Provided data:

== Segment start ==

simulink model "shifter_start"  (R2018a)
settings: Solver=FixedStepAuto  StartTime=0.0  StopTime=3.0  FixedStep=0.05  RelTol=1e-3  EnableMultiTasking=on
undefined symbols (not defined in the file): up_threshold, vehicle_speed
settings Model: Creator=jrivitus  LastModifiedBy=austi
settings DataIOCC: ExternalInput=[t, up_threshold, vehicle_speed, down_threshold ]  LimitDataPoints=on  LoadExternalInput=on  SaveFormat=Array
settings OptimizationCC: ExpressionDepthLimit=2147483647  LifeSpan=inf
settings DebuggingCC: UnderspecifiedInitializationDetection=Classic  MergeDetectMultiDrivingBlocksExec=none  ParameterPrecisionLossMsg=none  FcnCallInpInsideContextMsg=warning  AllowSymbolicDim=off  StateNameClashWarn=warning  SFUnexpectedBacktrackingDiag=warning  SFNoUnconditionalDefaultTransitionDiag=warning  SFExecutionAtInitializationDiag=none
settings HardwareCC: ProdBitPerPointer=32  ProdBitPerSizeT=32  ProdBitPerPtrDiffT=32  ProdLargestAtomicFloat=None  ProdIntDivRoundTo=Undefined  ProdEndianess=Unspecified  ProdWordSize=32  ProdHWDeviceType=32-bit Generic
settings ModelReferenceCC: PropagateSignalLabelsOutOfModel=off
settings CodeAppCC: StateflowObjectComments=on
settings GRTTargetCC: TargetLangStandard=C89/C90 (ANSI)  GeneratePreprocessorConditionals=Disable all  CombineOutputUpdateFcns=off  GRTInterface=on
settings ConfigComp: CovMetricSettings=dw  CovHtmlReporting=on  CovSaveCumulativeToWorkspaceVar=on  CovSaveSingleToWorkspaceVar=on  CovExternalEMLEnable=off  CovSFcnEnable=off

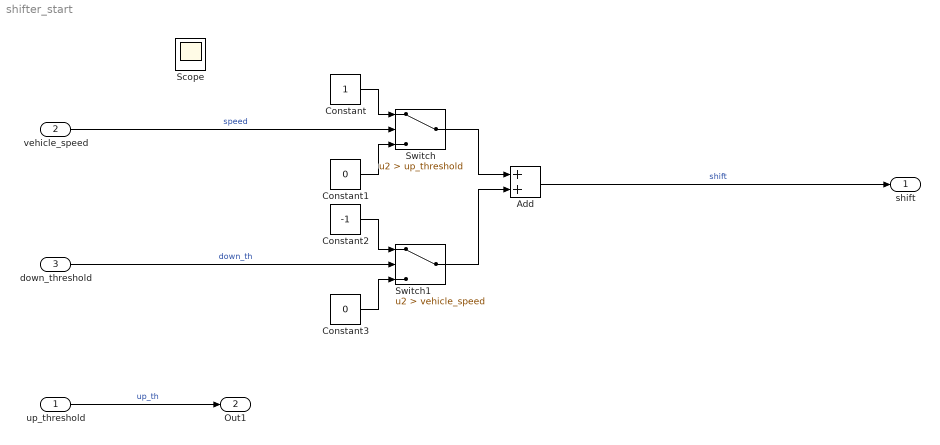
== system shifter_start ==
  up_threshold : Inport  OutDataTypeStr=double
  vehicle_speed : Inport  Port=2  OutDataTypeStr=double
  down_threshold : Inport  Port=3  OutDataTypeStr=double
  Add : Sum
  Constant : Constant
  Constant1 : Constant  Value=0
  Constant2 : Constant  Value=-1
  Constant3 : Constant  Value=0
  Switch : Switch  Criteria=u2 > Threshold  Threshold=up_threshold
  Switch1 : Switch  Criteria=u2 > Threshold  Threshold=vehicle_speed
  shift : Outport
  Out1 : Outport  Port=2
  Scope : Scope
  wires:
  up_threshold/1 -> Out1/1  "up_th"
  vehicle_speed/1 -> Switch/2  "speed"
  down_threshold/1 -> Switch1/2  "down_th"
  Add/1 -> shift/1  "shift"
  Constant1/1 -> Switch/3
  Constant3/1 -> Switch1/3
  Constant2/1 -> Switch1/1
  Switch1/1 -> Add/2
  Switch/1 -> Add/1
  Constant/1 -> Switch/1

== Segment end ==

Exercise requirements:
Could you copy each line from the listing that has the word "Value" in it?

Solution:
  Constant1 : Constant  Value=0
  Constant2 : Constant  Value=-1
  Constant3 : Constant  Value=0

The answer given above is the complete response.